Like many outsider to Indonesia who is less then 40 years old, my original perceptive of Suharto is a corrupted dictator who deserve his fate and a trial at court. After all, he and his family accumulated billions (by some estimates US$15-30b) in assets in a country whose income per capital is merely (PPP) US$4,000.

But since traveling to Indonesia in the last two years, making more friends and particularly interacting with older generation who remembers his regime, I realized I have being influenced by the western media perception far more than I admit.

MM Lee quote “Yes, there was corruption. Yes, he gave favors to his family and his friends. But there was real growth and real progress” is no further from the truth.

One has to remember Suharto took control in 1966 (a year which I haven’t been born), Indonesia was in hyperinflation, massive poverty, constant political conflict among fraction, and technical at war with its neighbors.

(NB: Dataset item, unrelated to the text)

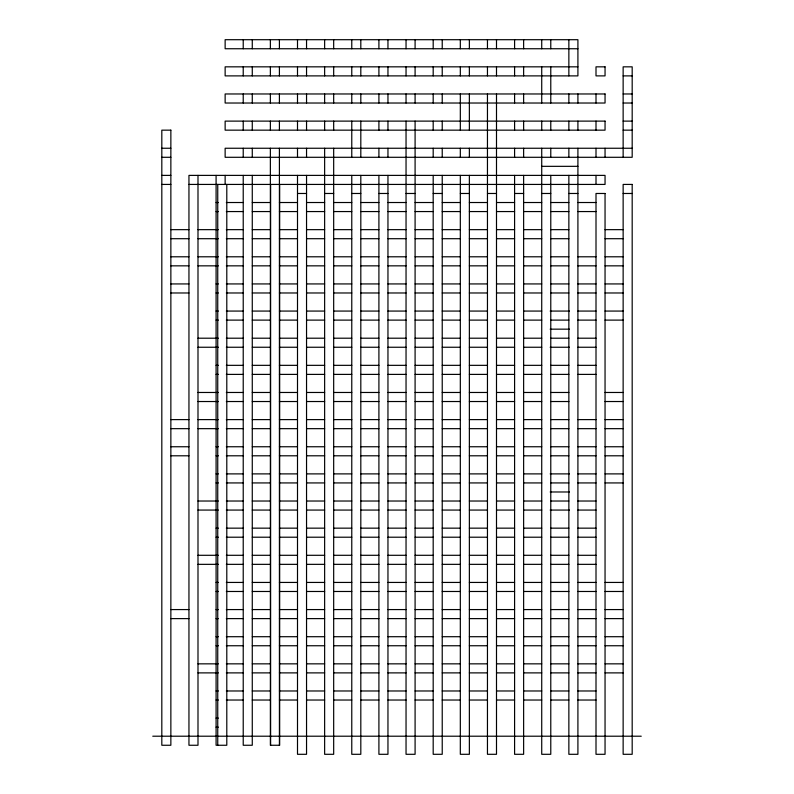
<?xml version="1.0" encoding="UTF-8"?>
<svg xmlns="http://www.w3.org/2000/svg" width="794" height="794" viewBox="0 0 794 794"><rect width="100%" height="100%" fill="white"/><g stroke="black" fill="none" stroke-linecap="round" stroke-linejoin="round"><path stroke-width="1.19" d="M577.913 48.742L225.139 48.742L225.139 39.7L577.913 39.7L577.913 75.887L225.139 75.887L225.139 66.835L577.913 66.835M623.141 75.887L632.183 75.887M623.141 93.97L632.183 93.97M623.141 103.022L632.183 103.022M623.141 121.115L632.183 121.115M623.141 130.156L632.183 130.156M161.817 148.25L170.859 148.25M632.183 148.25L225.139 148.25L225.139 157.291L632.183 157.291L632.183 66.835L623.141 66.835L623.141 157.291M161.817 157.291L170.859 157.291M541.726 166.333L577.913 166.333M161.817 175.385L170.859 175.385M161.817 184.426L170.859 184.426M188.952 184.426L605.048 184.426L605.048 175.385L188.952 175.385L188.952 745.258L197.994 745.258L197.994 175.385M297.502 193.478L306.544 193.478M324.637 193.478L333.678 193.478M351.772 193.478L360.813 193.478M378.907 193.478L387.958 193.478M406.042 193.478L415.093 193.478M433.187 193.478L442.228 193.478M460.322 193.478L469.363 193.478M487.456 193.478L496.498 193.478M514.591 193.478L523.633 193.478M541.726 193.478L550.778 193.478M568.861 193.478L577.913 193.478M623.141 193.478L632.183 193.478M216.087 202.52L218.35 202.52M226.34 202.52L243.222 202.52M252.274 202.52L270.367 202.52M279.409 202.52L297.502 202.52M306.544 202.52L324.637 202.52M333.678 202.52L351.772 202.52M360.813 202.52L378.907 202.52M387.958 202.52L406.042 202.52M415.093 202.52L433.187 202.52M442.228 202.52L460.322 202.52M469.363 202.52L487.456 202.52M496.498 202.52L514.591 202.52M523.633 202.52L541.726 202.52M550.778 202.52L568.861 202.52M577.913 202.52L596.006 202.52M216.087 211.561L218.35 211.561M226.34 211.561L243.222 211.561M252.274 211.561L270.367 211.561M279.409 211.561L297.502 211.561M306.544 211.561L324.637 211.561M333.678 211.561L351.772 211.561M360.813 211.561L378.907 211.561M387.958 211.561L406.042 211.561M415.093 211.561L433.187 211.561M442.228 211.561L460.322 211.561M469.363 211.561L487.456 211.561M496.498 211.561L514.591 211.561M523.633 211.561L541.726 211.561M550.778 211.561L568.861 211.561M577.913 211.561L596.006 211.561M170.859 229.655L188.952 229.655M197.994 229.655L218.35 229.655M226.34 229.655L243.222 229.655M252.274 229.655L270.367 229.655M279.409 229.655L297.502 229.655M306.544 229.655L324.637 229.655M333.678 229.655L351.772 229.655M360.813 229.655L378.907 229.655M387.958 229.655L406.042 229.655M415.093 229.655L433.187 229.655M442.228 229.655L460.322 229.655M469.363 229.655L487.456 229.655M496.498 229.655L514.591 229.655M523.633 229.655L541.726 229.655M550.778 229.655L568.861 229.655M605.048 229.655L623.141 229.655M170.859 238.706L188.952 238.706M197.994 238.706L218.35 238.706M226.34 238.706L243.222 238.706M252.274 238.706L270.367 238.706M279.409 238.706L297.502 238.706M306.544 238.706L324.637 238.706M333.678 238.706L351.772 238.706M360.813 238.706L378.907 238.706M387.958 238.706L406.042 238.706M415.093 238.706L433.187 238.706M442.228 238.706L460.322 238.706M469.363 238.706L487.456 238.706M496.498 238.706L514.591 238.706M523.633 238.706L541.726 238.706M550.778 238.706L568.861 238.706M605.048 238.706L623.141 238.706M170.859 256.79L188.952 256.79M197.994 256.79L218.35 256.79M226.34 256.79L243.222 256.79M252.274 256.79L270.367 256.79M279.409 256.79L297.502 256.79M306.544 256.79L324.637 256.79M333.678 256.79L351.772 256.79M360.813 256.79L378.907 256.79M387.958 256.79L406.042 256.79M415.093 256.79L433.187 256.79M442.228 256.79L460.322 256.79M469.363 256.79L487.456 256.79M496.498 256.79L514.591 256.79M523.633 256.79L541.726 256.79M550.778 256.79L568.861 256.79M577.913 256.79L596.006 256.79M605.048 256.79L623.141 256.79M170.859 265.841L188.952 265.841M197.994 265.841L218.35 265.841M226.34 265.841L243.222 265.841M252.274 265.841L270.367 265.841M279.409 265.841L297.502 265.841M306.544 265.841L324.637 265.841M333.678 265.841L351.772 265.841M360.813 265.841L378.907 265.841M387.958 265.841L406.042 265.841M415.093 265.841L433.187 265.841M442.228 265.841L460.322 265.841M469.363 265.841L487.456 265.841M496.498 265.841L514.591 265.841M523.633 265.841L541.726 265.841M550.778 265.841L568.861 265.841M577.913 265.841L596.006 265.841M605.048 265.841L623.141 265.841M170.859 283.934L188.952 283.934M216.087 283.934L218.35 283.934M226.34 283.934L243.222 283.934M252.274 283.934L270.367 283.934M279.409 283.934L297.502 283.934M306.544 283.934L324.637 283.934M333.678 283.934L351.772 283.934M360.813 283.934L378.907 283.934M387.958 283.934L406.042 283.934M415.093 283.934L433.187 283.934M442.228 283.934L460.322 283.934M469.363 283.934L487.456 283.934M496.498 283.934L514.591 283.934M523.633 283.934L541.726 283.934M550.778 283.934L568.861 283.934M577.913 283.934L596.006 283.934M605.048 283.934L623.141 283.934M170.859 292.976L188.952 292.976M216.087 292.976L218.35 292.976M226.34 292.976L243.222 292.976M252.274 292.976L270.367 292.976M279.409 292.976L297.502 292.976M306.544 292.976L324.637 292.976M333.678 292.976L351.772 292.976M360.813 292.976L378.907 292.976M387.958 292.976L406.042 292.976M415.093 292.976L433.187 292.976M442.228 292.976L460.322 292.976M469.363 292.976L487.456 292.976M496.498 292.976L514.591 292.976M523.633 292.976L541.726 292.976M550.778 292.976L568.861 292.976M577.913 292.976L596.006 292.976M605.048 292.976L623.141 292.976M216.087 311.069L218.35 311.069M226.34 311.069L243.222 311.069M252.274 311.069L270.367 311.069M279.409 311.069L297.502 311.069M306.544 311.069L324.637 311.069M333.678 311.069L351.772 311.069M360.813 311.069L378.907 311.069M387.958 311.069L406.042 311.069M415.093 311.069L433.187 311.069M442.228 311.069L460.322 311.069M469.363 311.069L487.456 311.069M496.498 311.069L514.591 311.069M523.633 311.069L541.726 311.069M550.173 311.069L569.467 311.069M577.913 311.069L596.006 311.069M605.048 311.069L623.141 311.069M216.087 320.111L218.35 320.111M226.34 320.111L243.222 320.111M252.274 320.111L270.367 320.111M279.409 320.111L297.502 320.111M306.544 320.111L324.637 320.111M333.678 320.111L351.772 320.111M360.813 320.111L378.907 320.111M387.958 320.111L406.042 320.111M415.093 320.111L433.187 320.111M442.228 320.111L460.322 320.111M469.363 320.111L487.456 320.111M496.498 320.111L514.591 320.111M523.633 320.111L541.726 320.111M550.778 320.111L568.861 320.111M577.913 320.111L596.006 320.111M605.048 320.111L623.141 320.111M550.173 329.163L569.467 329.163M197.994 338.204L218.35 338.204M226.34 338.204L243.222 338.204M252.274 338.204L270.367 338.204M279.409 338.204L297.502 338.204M306.544 338.204L324.637 338.204M333.678 338.204L351.772 338.204M360.813 338.204L378.907 338.204M387.958 338.204L406.042 338.204M415.093 338.204L433.187 338.204M442.228 338.204L460.322 338.204M469.363 338.204L487.456 338.204M496.498 338.204L514.591 338.204M523.633 338.204L541.726 338.204M550.778 338.204L568.861 338.204M577.913 338.204L596.006 338.204M197.994 347.246L218.35 347.246M226.34 347.246L243.222 347.246M252.274 347.246L270.367 347.246M279.409 347.246L297.502 347.246M306.544 347.246L324.637 347.246M333.678 347.246L351.772 347.246M360.813 347.246L378.907 347.246M387.958 347.246L406.042 347.246M415.093 347.246L433.187 347.246M442.228 347.246L460.322 347.246M469.363 347.246L487.456 347.246M496.498 347.246L514.591 347.246M523.633 347.246L541.726 347.246M550.173 347.246L569.467 347.246M577.913 347.246L596.006 347.246M216.087 365.339L218.35 365.339M226.34 365.339L243.222 365.339M252.274 365.339L270.367 365.339M279.409 365.339L297.502 365.339M306.544 365.339L324.637 365.339M333.678 365.339L351.772 365.339M360.813 365.339L378.907 365.339M387.958 365.339L406.042 365.339M415.093 365.339L433.187 365.339M442.228 365.339L460.322 365.339M469.363 365.339L487.456 365.339M496.498 365.339L514.591 365.339M523.633 365.339L541.726 365.339M550.778 365.339L568.861 365.339M577.913 365.339L596.006 365.339M216.087 374.391L218.35 374.391M226.34 374.391L243.222 374.391M252.274 374.391L270.367 374.391M279.409 374.391L297.502 374.391M306.544 374.391L324.637 374.391M333.678 374.391L351.772 374.391M360.813 374.391L378.907 374.391M387.958 374.391L406.042 374.391M415.093 374.391L433.187 374.391M442.228 374.391L460.322 374.391M469.363 374.391L487.456 374.391M496.498 374.391L514.591 374.391M523.633 374.391L541.726 374.391M550.778 374.391L568.861 374.391M577.913 374.391L596.006 374.391M197.994 392.474L218.35 392.474M226.34 392.474L243.222 392.474M252.274 392.474L270.367 392.474M279.409 392.474L297.502 392.474M306.544 392.474L324.637 392.474M333.678 392.474L351.772 392.474M360.813 392.474L378.907 392.474M387.958 392.474L406.042 392.474M415.093 392.474L433.187 392.474M442.228 392.474L460.322 392.474M469.363 392.474L487.456 392.474M496.498 392.474L514.591 392.474M523.633 392.474L541.726 392.474M550.778 392.474L568.861 392.474M605.048 392.474L623.141 392.474M197.994 401.526L218.35 401.526M226.34 401.526L243.222 401.526M252.274 401.526L270.367 401.526M279.409 401.526L297.502 401.526M306.544 401.526L324.637 401.526M333.678 401.526L351.772 401.526M360.813 401.526L378.907 401.526M387.958 401.526L406.042 401.526M415.093 401.526L433.187 401.526M442.228 401.526L460.322 401.526M469.363 401.526L487.456 401.526M496.498 401.526L514.591 401.526M523.633 401.526L541.726 401.526M550.778 401.526L568.861 401.526M605.048 401.526L623.141 401.526M170.859 419.609L188.952 419.609M197.994 419.609L218.35 419.609M226.34 419.609L243.222 419.609M252.274 419.609L270.367 419.609M279.409 419.609L297.502 419.609M306.544 419.609L324.637 419.609M333.678 419.609L351.772 419.609M360.813 419.609L378.907 419.609M387.958 419.609L406.042 419.609M415.093 419.609L433.187 419.609M442.228 419.609L460.322 419.609M469.363 419.609L487.456 419.609M496.498 419.609L514.591 419.609M523.633 419.609L541.726 419.609M550.778 419.609L568.861 419.609M577.913 419.609L596.006 419.609M605.048 419.609L623.141 419.609M170.859 428.661L188.952 428.661M197.994 428.661L218.35 428.661M226.34 428.661L243.222 428.661M252.274 428.661L270.367 428.661M279.409 428.661L297.502 428.661M306.544 428.661L324.637 428.661M333.678 428.661L351.772 428.661M360.813 428.661L378.907 428.661M387.958 428.661L406.042 428.661M415.093 428.661L433.187 428.661M442.228 428.661L460.322 428.661M469.363 428.661L487.456 428.661M496.498 428.661L514.591 428.661M523.633 428.661L541.726 428.661M550.778 428.661L568.861 428.661M577.913 428.661L596.006 428.661M605.048 428.661L623.141 428.661M170.859 446.754L188.952 446.754M216.087 446.754L218.35 446.754M226.34 446.754L243.222 446.754M252.274 446.754L270.367 446.754M279.409 446.754L297.502 446.754M306.544 446.754L324.637 446.754M333.678 446.754L351.772 446.754M360.813 446.754L378.907 446.754M387.958 446.754L406.042 446.754M415.093 446.754L433.187 446.754M442.228 446.754L460.322 446.754M469.363 446.754L487.456 446.754M496.498 446.754L514.591 446.754M523.633 446.754L541.726 446.754M550.778 446.754L568.861 446.754M577.913 446.754L596.006 446.754M605.048 446.754L623.141 446.754M170.859 455.796L188.952 455.796M216.087 455.796L218.35 455.796M226.34 455.796L243.222 455.796M252.274 455.796L270.367 455.796M279.409 455.796L297.502 455.796M306.544 455.796L324.637 455.796M333.678 455.796L351.772 455.796M360.813 455.796L378.907 455.796M387.958 455.796L406.042 455.796M415.093 455.796L433.187 455.796M442.228 455.796L460.322 455.796M469.363 455.796L487.456 455.796M496.498 455.796L514.591 455.796M523.633 455.796L541.726 455.796M550.778 455.796L568.861 455.796M577.913 455.796L596.006 455.796M605.048 455.796L623.141 455.796M216.087 473.889L218.35 473.889M226.34 473.889L243.222 473.889M252.274 473.889L270.367 473.889M279.409 473.889L297.502 473.889M306.544 473.889L324.637 473.889M333.678 473.889L351.772 473.889M360.813 473.889L378.907 473.889M387.958 473.889L406.042 473.889M415.093 473.889L433.187 473.889M442.228 473.889L460.322 473.889M469.363 473.889L487.456 473.889M496.498 473.889L514.591 473.889M523.633 473.889L541.726 473.889M550.173 473.889L569.467 473.889M577.913 473.889L596.006 473.889M605.048 473.889L623.141 473.889M216.087 482.931L218.35 482.931M226.34 482.931L243.222 482.931M252.274 482.931L270.367 482.931M279.409 482.931L297.502 482.931M306.544 482.931L324.637 482.931M333.678 482.931L351.772 482.931M360.813 482.931L378.907 482.931M387.958 482.931L406.042 482.931M415.093 482.931L433.187 482.931M442.228 482.931L460.322 482.931M469.363 482.931L487.456 482.931M496.498 482.931L514.591 482.931M523.633 482.931L541.726 482.931M550.778 482.931L568.861 482.931M577.913 482.931L596.006 482.931M605.048 482.931L623.141 482.931M550.173 491.982L569.467 491.982M197.994 501.024L218.35 501.024M226.34 501.024L243.222 501.024M252.274 501.024L270.367 501.024M279.409 501.024L297.502 501.024M306.544 501.024L324.637 501.024M333.678 501.024L351.772 501.024M360.813 501.024L378.907 501.024M387.958 501.024L406.042 501.024M415.093 501.024L433.187 501.024M442.228 501.024L460.322 501.024M469.363 501.024L487.456 501.024M496.498 501.024L514.591 501.024M523.633 501.024L541.726 501.024M550.778 501.024L568.861 501.024M577.913 501.024L596.006 501.024M197.994 510.066L218.35 510.066M226.34 510.066L243.222 510.066M252.274 510.066L270.367 510.066M279.409 510.066L297.502 510.066M306.544 510.066L324.637 510.066M333.678 510.066L351.772 510.066M360.813 510.066L378.907 510.066M387.958 510.066L406.042 510.066M415.093 510.066L433.187 510.066M442.228 510.066L460.322 510.066M469.363 510.066L487.456 510.066M496.498 510.066L514.591 510.066M523.633 510.066L541.726 510.066M550.173 510.066L569.467 510.066M577.913 510.066L596.006 510.066M216.087 528.159L218.35 528.159M226.34 528.159L243.222 528.159M252.274 528.159L270.367 528.159M279.409 528.159L297.502 528.159M306.544 528.159L324.637 528.159M333.678 528.159L351.772 528.159M360.813 528.159L378.907 528.159M387.958 528.159L406.042 528.159M415.093 528.159L433.187 528.159M442.228 528.159L460.322 528.159M469.363 528.159L487.456 528.159M496.498 528.159L514.591 528.159M523.633 528.159L541.726 528.159M550.778 528.159L568.861 528.159M577.913 528.159L596.006 528.159M216.087 537.21L218.35 537.21M226.34 537.21L243.222 537.21M252.274 537.21L270.367 537.21M279.409 537.21L297.502 537.21M306.544 537.21L324.637 537.21M333.678 537.21L351.772 537.21M360.813 537.21L378.907 537.21M387.958 537.21L406.042 537.21M415.093 537.21L433.187 537.21M442.228 537.21L460.322 537.21M469.363 537.21L487.456 537.21M496.498 537.21L514.591 537.21M523.633 537.21L541.726 537.21M550.778 537.21L568.861 537.21M577.913 537.21L596.006 537.21M197.994 555.294L218.35 555.294M226.34 555.294L243.222 555.294M252.274 555.294L270.367 555.294M279.409 555.294L297.502 555.294M306.544 555.294L324.637 555.294M333.678 555.294L351.772 555.294M360.813 555.294L378.907 555.294M387.958 555.294L406.042 555.294M415.093 555.294L433.187 555.294M442.228 555.294L460.322 555.294M469.363 555.294L487.456 555.294M496.498 555.294L514.591 555.294M523.633 555.294L541.726 555.294M550.778 555.294L568.861 555.294M577.913 555.294L596.006 555.294M197.994 564.345L218.35 564.345M226.34 564.345L243.222 564.345M252.274 564.345L270.367 564.345M279.409 564.345L297.502 564.345M306.544 564.345L324.637 564.345M333.678 564.345L351.772 564.345M360.813 564.345L378.907 564.345M387.958 564.345L406.042 564.345M415.093 564.345L433.187 564.345M442.228 564.345L460.322 564.345M469.363 564.345L487.456 564.345M496.498 564.345L514.591 564.345M523.633 564.345L541.726 564.345M550.778 564.345L568.861 564.345M577.913 564.345L596.006 564.345M216.087 582.439L218.35 582.439M226.34 582.439L243.222 582.439M252.274 582.439L270.367 582.439M279.409 582.439L297.502 582.439M306.544 582.439L324.637 582.439M333.678 582.439L351.772 582.439M360.813 582.439L378.907 582.439M387.958 582.439L406.042 582.439M415.093 582.439L433.187 582.439M442.228 582.439L460.322 582.439M469.363 582.439L487.456 582.439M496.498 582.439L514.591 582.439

Over his regime between 1966 until 1998, Indonesia grow on average of 7% per annum with a population of 200M people. Experts estimate the percentage of Indonesians living below the poverty line shrunk from 60 percent to 11 percent and life expectancy improved by 20 years.*

Communism is active in the region back in 1966 and without Suharto, communism might be in control. Konfrontasi in opposition to the formation of Malaysia from the Federation of Malaya, Sabah, Sarawak, and Singapore was the policy of confrontation from 1963 to 1966. The younger generation would not know the MacDonald House bombing of 1965. Suharto brought peace to the region by putting a stop to Konfrontasi.

More importantly, anecdotal from Indonesian who knows him, remember him as a hardworking thrifty man, who eat simple meal everyday. Some still believe his only fault is that he put too much support to his family who are the main benefactors of the corruption but not himself.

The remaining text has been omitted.